GIVEN INFORMATION below:

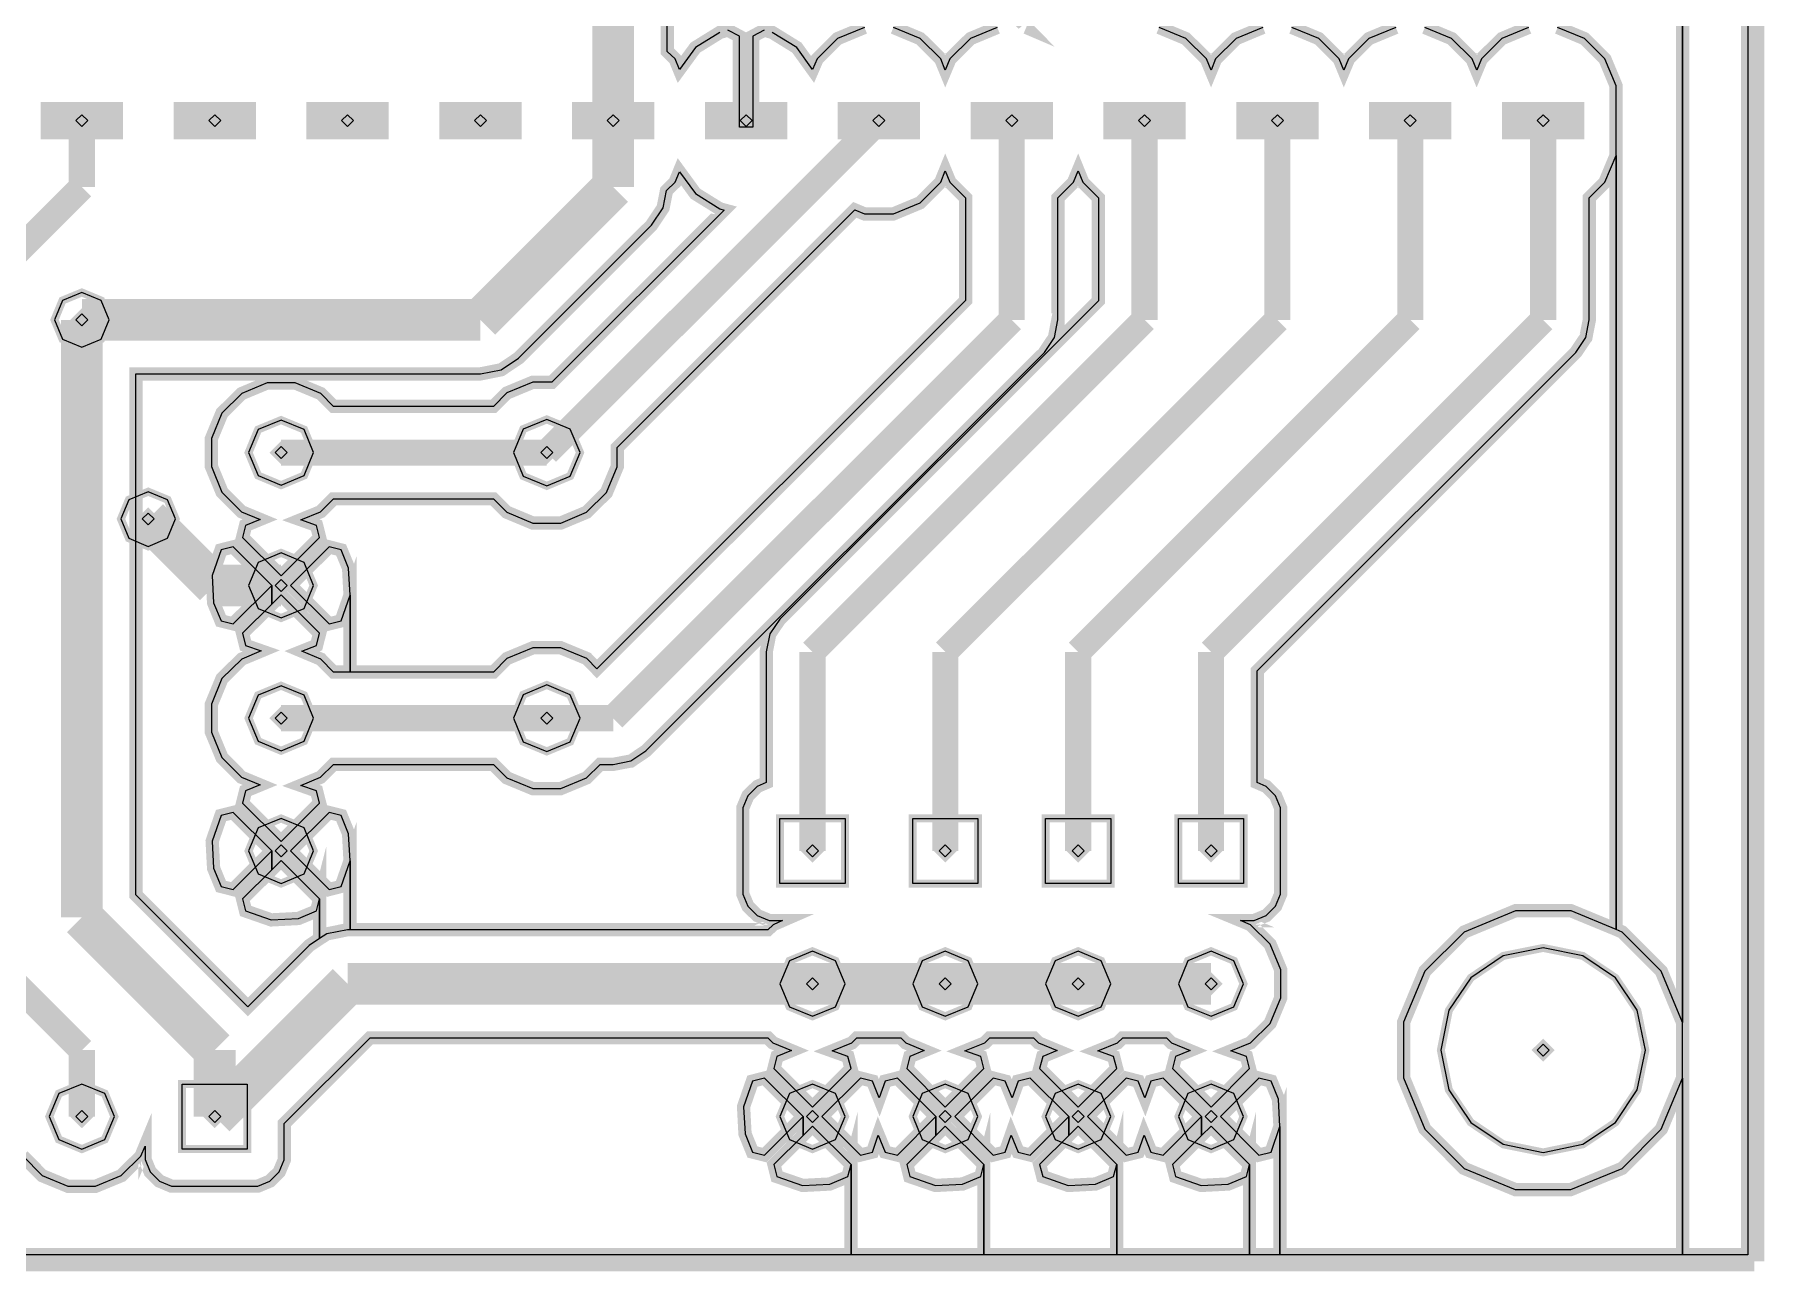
# Model space of a CAD drawing. Extents: x 0 to 6.22, y 0 to 4.04.
# Drawn here: x 2.797 to 4.099, y 2.058 to 2.989 of the extents above; entities that cross this region are included whole.
import ezdxf

# ---------------------------------------------------------------- set-up
doc = ezdxf.new("R2010")
doc.units = 0
doc.layers.get('0').update_dxf_attribs({"linetype": 'CONTINUOUS'})

msp = doc.modelspace()

# ---------------------------------------------------------------- linework, layer by layer
at = {"color": 0}
for points, const_width in [([(4.09158, 4.03353), (4.09158, 2.065)], 0.015), ([(4.08658, 4.02854), (4.08658, 2.07004), (4.08658, 2.07004), (4.03749, 2.07004), (4.03749, 3.89492)], 0.006), ([(4.08658, 4.02854), (4.08658, 2.07004)], 0.01), ([(4.08658, 2.07004), (4.03749, 2.07004), (4.03749, 3.89492)], 0.01), ([(4.03749, 3.85314), (4.03749, 2.2449), (4.02149, 2.28353), (3.99203, 2.3131), (3.98742, 2.31511), (3.98742, 2.95031), (3.979, 2.97054), (3.9636, 2.98589), (3.94342, 2.99431)], 0.01), ([(4.03749, 3.85314), (4.03749, 2.2449), (4.02149, 2.28353), (3.99203, 2.3131), (3.98742, 2.31511), (3.98742, 2.95031), (3.979, 2.97054), (3.9636, 2.98589), (3.94342, 2.99431)], 0.006), ([(3.23247, 2.9241), (3.23247, 3.12414)], 0.0315), ([(3.4216, 2.99431), (3.40142, 2.98589), (3.38601, 2.97054), (3.3826, 2.96263), (3.37071, 2.97911), (3.35211, 2.99061), (3.34619, 2.99229), (3.33751, 2.98762), (3.33751, 2.91911), (3.32747, 2.91911), (3.32747, 2.98762), (3.31879, 2.99229), (3.31287, 2.99061), (3.29432, 2.97911), (3.28228, 2.96263), (3.27903, 2.97054), (3.27322, 2.97629), (3.27322, 3.10721)], 0.01), ([(3.4216, 2.99431), (3.40142, 2.98589), (3.38601, 2.97054), (3.3826, 2.96263), (3.37071, 2.97911), (3.35211, 2.99061), (3.34619, 2.99229), (3.33751, 2.98762), (3.33751, 2.91911), (3.32747, 2.91911), (3.32747, 2.98762), (3.31879, 2.99229), (3.31287, 2.99061), (3.29432, 2.97911), (3.28228, 2.96263), (3.27903, 2.97054), (3.27322, 2.97629), (3.27322, 3.10721)], 0.006), ([(3.54129, 2.99664), (3.54368, 2.99419), (3.5434, 2.99431)], 0.01), ([(3.5216, 2.99431), (3.50142, 2.98589), (3.486, 2.97054), (3.48247, 2.96212), (3.479, 2.97054), (3.4636, 2.98589), (3.44342, 2.99431)], 0.01), ([(3.5216, 2.99431), (3.50142, 2.98589), (3.486, 2.97054), (3.48247, 2.96212), (3.479, 2.97054), (3.4636, 2.98589), (3.44342, 2.99431)], 0.006), ([(3.54129, 2.99664), (3.54368, 2.99419), (3.5434, 2.99431)], 0.006), ([(3.72157, 2.99431), (3.70139, 2.98589), (3.68599, 2.97054), (3.68251, 2.96212), (3.67899, 2.97054), (3.66357, 2.98589), (3.64339, 2.99431)], 0.01), ([(3.72157, 2.99431), (3.70139, 2.98589), (3.68599, 2.97054), (3.68251, 2.96212), (3.67899, 2.97054), (3.66357, 2.98589), (3.64339, 2.99431)], 0.006), ([(3.82161, 2.99431), (3.80138, 2.98589), (3.78603, 2.97054), (3.7825, 2.96212), (3.77903, 2.97054), (3.76361, 2.98589), (3.74338, 2.99431)], 0.01), ([(3.82161, 2.99431), (3.80138, 2.98589), (3.78603, 2.97054), (3.7825, 2.96212), (3.77903, 2.97054), (3.76361, 2.98589), (3.74338, 2.99431)], 0.006), ([(3.9216, 2.99431), (3.90142, 2.98589), (3.88601, 2.97054), (3.88249, 2.96212), (3.87901, 2.97054), (3.86361, 2.98589), (3.84343, 2.99431)], 0.01), ([(3.9216, 2.99431), (3.90142, 2.98589), (3.88601, 2.97054), (3.88249, 2.96212), (3.87901, 2.97054), (3.86361, 2.98589), (3.84343, 2.99431)], 0.006), ([(2.83251, 2.9381), (2.83251, 2.9101)], 0.062), ([(2.93251, 2.9381), (2.93251, 2.9101)], 0.062), ([(3.0325, 2.9381), (3.0325, 2.9101)], 0.062), ([(3.13249, 2.9381), (3.13249, 2.9101)], 0.062), ([(3.23247, 2.9381), (3.23247, 2.9101)], 0.062), ([(3.33251, 2.9381), (3.33251, 2.9101)], 0.062), ([(3.43251, 2.9381), (3.43251, 2.9101)], 0.062), ([(3.5325, 2.9381), (3.5325, 2.9101)], 0.062), ([(3.63249, 2.9381), (3.63249, 2.9101)], 0.062), ([(3.73247, 2.9381), (3.73247, 2.9101)], 0.062), ([(3.83251, 2.9381), (3.83251, 2.9101)], 0.062), ([(3.93251, 2.9381), (3.93251, 2.9101)], 0.062), ([(2.83251, 2.9241), (2.83251, 2.87414)], 0.0197), ([(3.18251, 2.6741), (3.43251, 2.9241)], 0.0197), ([(3.23247, 2.9241), (3.23247, 2.87414)], 0.0315), ([(3.5325, 2.9241), (3.5325, 2.77408)], 0.0197), ([(3.63249, 2.77408), (3.63249, 2.9241)], 0.0197), ([(3.73247, 2.9241), (3.73247, 2.77408)], 0.0197), ([(3.83251, 2.77408), (3.83251, 2.9241)], 0.0197), ([(3.93251, 2.9241), (3.93251, 2.77408)], 0.0197), ([(2.78797, 2.14442), (2.80268, 2.12961), (2.822, 2.12164), (2.84289, 2.12164), (2.86219, 2.12961), (2.87701, 2.14432), (2.8801, 2.15181), (2.8801, 2.14171), (2.8839, 2.13254), (2.8909, 2.12554), (2.90001, 2.12169), (2.9649, 2.12169), (2.97412, 2.12554), (2.98113, 2.13254), (2.98492, 2.1416), (2.98492, 2.16889), (3.04943, 2.2334), (3.3489, 2.2334), (3.35271, 2.2296), (3.36669, 2.22379), (3.35579, 2.21929), (3.35351, 2.21024), (3.38249, 2.18121), (3.41151, 2.21024), (3.40918, 2.21929), (3.39729, 2.22353), (3.41222, 2.2296), (3.41601, 2.2334), (3.44889, 2.2334), (3.45269, 2.2296), (3.46669, 2.22379), (3.45578, 2.21929), (3.4535, 2.21024), (3.48247, 2.18121), (3.5115, 2.21024), (3.50917, 2.21929), (3.49729, 2.22353), (3.51221, 2.2296), (3.516, 2.2334), (3.54889, 2.2334), (3.55268, 2.2296), (3.56668, 2.22379), (3.55583, 2.21929), (3.5535, 2.21024), (3.58251, 2.18121), (3.61149, 2.21024), (3.60921, 2.21929), (3.59733, 2.22353), (3.61219, 2.2296), (3.616, 2.2334), (3.64893, 2.2334), (3.65267, 2.2296), (3.66672, 2.22379), (3.65582, 2.21929), (3.65349, 2.21024), (3.68251, 2.18121), (3.71149, 2.21024), (3.70919, 2.21929), (3.69732, 2.22353), (3.71218, 2.2296), (3.727, 2.24431), (3.73503, 2.26361), (3.73503, 2.2845), (3.727, 2.30382), (3.71229, 2.31862), (3.70481, 2.32172), (3.7149, 2.32172), (3.72412, 2.32553), (3.73112, 2.33251), (3.73492, 2.34164), (3.73492, 2.40653), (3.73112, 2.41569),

End of GIVEN INFORMATION.

### YOUR ASSIGNMENT
Once you have returned the line containing "msp = doc.modelspace()", stop; begin at the first line of the material, keep each line exact, and skip the pictures.

### TASK RESPONSE
# Model space of a CAD drawing. Extents: x 0 to 6.22, y 0 to 4.04.
# Drawn here: x 2.797 to 4.099, y 2.058 to 2.989 of the extents above; entities that cross this region are included whole.
import ezdxf

# ---------------------------------------------------------------- set-up
doc = ezdxf.new("R2010")
doc.units = 0
doc.layers.get('0').update_dxf_attribs({"linetype": 'CONTINUOUS'})

msp = doc.modelspace()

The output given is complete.